Stored items from a collection:
○ ○ ○
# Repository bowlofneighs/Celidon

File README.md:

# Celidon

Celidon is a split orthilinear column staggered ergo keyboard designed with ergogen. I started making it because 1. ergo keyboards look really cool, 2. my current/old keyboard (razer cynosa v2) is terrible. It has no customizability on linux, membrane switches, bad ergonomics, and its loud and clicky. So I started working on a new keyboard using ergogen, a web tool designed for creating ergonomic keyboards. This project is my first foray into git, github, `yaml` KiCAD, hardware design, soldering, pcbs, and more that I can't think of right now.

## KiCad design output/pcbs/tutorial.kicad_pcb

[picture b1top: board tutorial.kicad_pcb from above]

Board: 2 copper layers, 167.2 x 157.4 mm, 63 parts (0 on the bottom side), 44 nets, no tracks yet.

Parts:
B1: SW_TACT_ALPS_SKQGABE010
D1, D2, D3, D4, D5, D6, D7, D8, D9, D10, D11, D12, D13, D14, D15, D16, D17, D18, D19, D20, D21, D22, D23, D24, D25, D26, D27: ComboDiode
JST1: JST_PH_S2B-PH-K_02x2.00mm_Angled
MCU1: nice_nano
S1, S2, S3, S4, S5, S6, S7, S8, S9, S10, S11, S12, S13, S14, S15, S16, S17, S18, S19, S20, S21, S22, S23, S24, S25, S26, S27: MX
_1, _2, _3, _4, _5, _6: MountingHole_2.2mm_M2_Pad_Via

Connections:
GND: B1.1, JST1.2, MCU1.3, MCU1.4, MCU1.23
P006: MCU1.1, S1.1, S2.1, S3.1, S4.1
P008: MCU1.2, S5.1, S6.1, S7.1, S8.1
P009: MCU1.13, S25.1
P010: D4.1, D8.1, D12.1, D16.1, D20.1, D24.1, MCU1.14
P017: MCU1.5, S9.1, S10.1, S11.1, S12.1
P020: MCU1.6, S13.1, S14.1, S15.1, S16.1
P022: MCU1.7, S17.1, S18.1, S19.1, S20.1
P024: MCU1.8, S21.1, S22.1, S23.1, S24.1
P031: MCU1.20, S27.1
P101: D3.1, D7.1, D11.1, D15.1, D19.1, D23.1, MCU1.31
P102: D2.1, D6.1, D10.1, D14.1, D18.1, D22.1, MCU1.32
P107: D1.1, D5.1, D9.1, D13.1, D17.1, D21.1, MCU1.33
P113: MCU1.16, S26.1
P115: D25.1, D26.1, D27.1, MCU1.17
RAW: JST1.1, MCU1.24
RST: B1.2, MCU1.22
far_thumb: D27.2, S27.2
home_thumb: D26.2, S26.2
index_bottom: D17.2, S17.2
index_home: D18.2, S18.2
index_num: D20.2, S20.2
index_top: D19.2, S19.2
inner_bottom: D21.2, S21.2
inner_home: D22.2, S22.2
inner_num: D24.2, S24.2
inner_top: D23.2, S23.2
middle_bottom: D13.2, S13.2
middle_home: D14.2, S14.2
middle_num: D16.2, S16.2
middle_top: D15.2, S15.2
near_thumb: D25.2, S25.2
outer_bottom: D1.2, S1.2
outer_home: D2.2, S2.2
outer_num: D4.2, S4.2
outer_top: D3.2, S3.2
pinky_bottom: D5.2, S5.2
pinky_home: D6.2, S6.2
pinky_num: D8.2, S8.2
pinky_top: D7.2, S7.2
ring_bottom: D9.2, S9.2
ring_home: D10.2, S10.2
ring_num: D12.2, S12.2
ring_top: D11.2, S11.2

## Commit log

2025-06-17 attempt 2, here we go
○ ○ ○
Work task: Give a single number: the count of lines above that include the word "pcbs".

Exercise answer: 2